Supplied data -
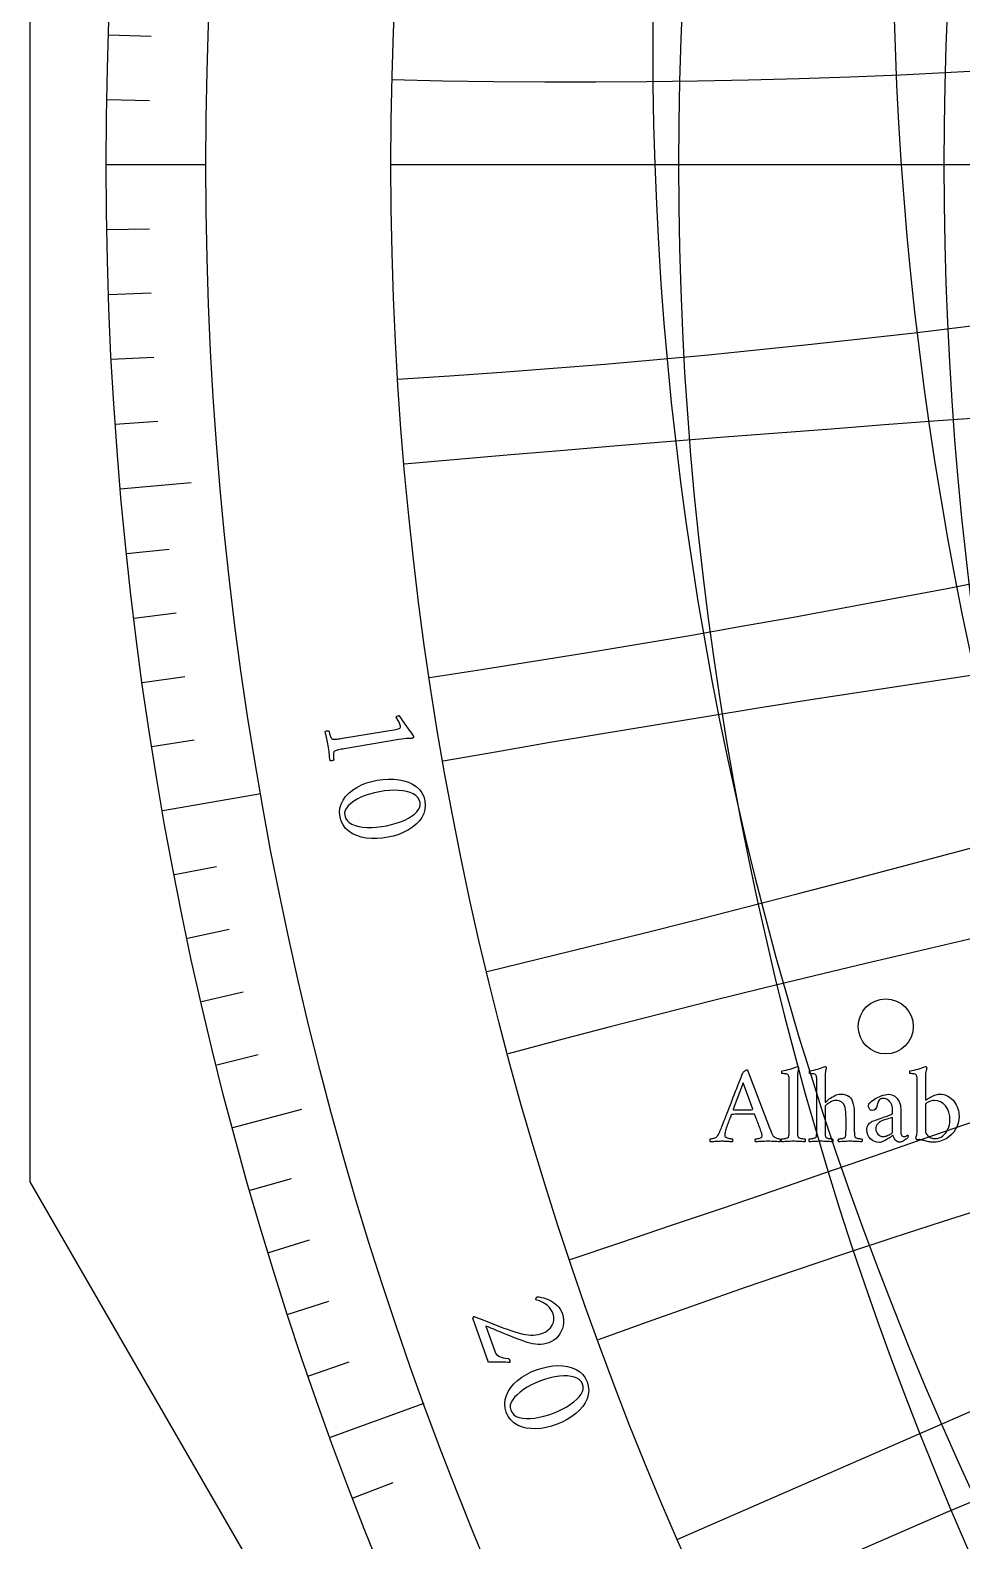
# Model space of a CAD drawing. Header units: millimetres. Extents: x -105 to 105, y -105 to 128.
# Drawn here: x -105 to -79.24, y -38.06 to 3.72 of the extents above; entities that cross this region are included whole.
import ezdxf

# ---------------------------------------------------------------- set-up
doc = ezdxf.new("R2010")
doc.units = ezdxf.units.MM
for name, color, linetype in [('CUT_OUTER', 1, 'Continuous'), ('ENGRAVE', 7, 'Continuous'), ('ENGRAVE_FINE', 8, 'Continuous'), ('TEXT', 5, 'Continuous')]:
    doc.layers.add(name, color=color, linetype=linetype)

msp = doc.modelspace()

# ---------------------------------------------------------------- linework, layer by layer
at = {"layer": 'CUT_OUTER'}
msp.add_lwpolyline([(30.8079, 103.6071), (32.4928, 102.4838), (76.8653, 76.8653), (105, 28.1347), (105, -28.1347), (76.8653, -76.8653), (28.1347, -105), (-28.1347, -105), (-76.8653, -76.8653), (-105, -28.1347), (-105, 28.1347), (-76.8653, 76.8653), (-32.6892, 102.3704), (-32.4055, 102.6778), (-32.4029, 102.6804), (-32.3998, 102.6824), (-30.8138, 103.6069)], dxfattribs=at)
at = {"layer": 'ENGRAVE'}
for points in [[(-87.0884, -38.0178), (87.0884, 38.0178)], [(-102.9, 0), (-100.1438, 0)], [(-95.025, 0), (95.025, 0)], [(-95.025, 0), (95.025, 0)], [(-95.025, 0), (95.025, 0)], [(-102.5084, -8.9683), (-100.5472, -8.7967)], [(-101.3367, -17.8684), (-98.6223, -17.3898)], [(-99.3938, -26.6325), (-97.4921, -26.1229)], [(-96.6944, -35.1939), (-94.1043, -34.2512)]]:
    msp.add_lwpolyline(points, dxfattribs=at)
for centre, radius in [((0, 0), 102.9), ((0, 0), 102.9), ((0, 0), 100.1438), ((0, 0), 95.025), ((0, 0), 95.025), ((0, 0), 95.025), ((-81.3416, -23.836), 0.7602)]:
    msp.add_circle(centre, radius, dxfattribs=at)
for centre, radius, start, end in [((16.7555, 0), 96.4909, 100, 260), ((0, -547.2272), 538.9136, 80, 100), ((0, -277.8345), 261.079, 70, 110), ((0, -190.05), 164.5881, 60, 120)]:
    msp.add_arc(centre, radius, start, end, dxfattribs=at)
at = {"layer": 'ENGRAVE_FINE'}
for points in [[(-87.0884, -38.0178), (87.0884, 38.0178)], [(-102.8373, 3.5912), (-101.6568, 3.5499)], [(-102.8843, 1.7959), (-101.7033, 1.7752)], [(-102.8843, -1.7959), (-101.7033, -1.7752)], [(-102.8373, -3.5912), (-101.6568, -3.5499)], [(-102.759, -5.3854), (-101.5793, -5.3235)], [(-102.6493, -7.1779), (-101.471, -7.0955)], [(-102.3363, -10.756), (-101.1615, -10.6325)], [(-102.133, -12.5404), (-100.9606, -12.3964)], [(-101.8986, -14.3209), (-100.7288, -14.1565)], [(-101.6331, -16.0971), (-100.4664, -15.9123)], [(-101.0094, -19.6342), (-99.8499, -19.4089)], [(-100.6514, -21.3941), (-99.496, -21.1485)], [(-100.2627, -23.1475), (-99.1117, -22.8817)], [(-99.8434, -24.8938), (-98.6973, -24.608)], [(-98.9138, -28.3631), (-97.7783, -28.0375)], [(-98.4038, -30.085), (-97.2741, -29.7397)], [(-97.8637, -31.7978), (-96.7403, -31.4328)], [(-97.2939, -33.501), (-96.177, -33.1164)], [(-96.0654, -36.8761), (-94.9626, -36.4527)]]:
    msp.add_lwpolyline(points, dxfattribs=at)
for centre, radius, start, end in [((8.3136, 0), 95.388, 95, 265), ((7.6193, 3.3261), 95.388, 118.583333, 288.583334), ((15.356, 6.7036), 96.4909, 123.583333, 283.583333), ((-89.9579, 206.0688), 203.7818, 268.583333, 318.583333), ((-111.1567, 254.6295), 261.079, 273.583333, 313.583333), ((-146.8896, 336.4839), 354.6381, 278.583333, 308.583333), ((-218.936, 501.5223), 538.9136, 283.583333, 303.583333), ((-436.2057, 999.2277), 1086.1407, 288.5833333, 298.5833333), ((436.2057, -999.2277), 1086.1407, 108.5833333, 118.5833333), ((0, -1090.2896), 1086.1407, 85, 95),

Task directions - Using the material above, work out how many lines hold the word "radius". Reply with that number alone.

Reply - 5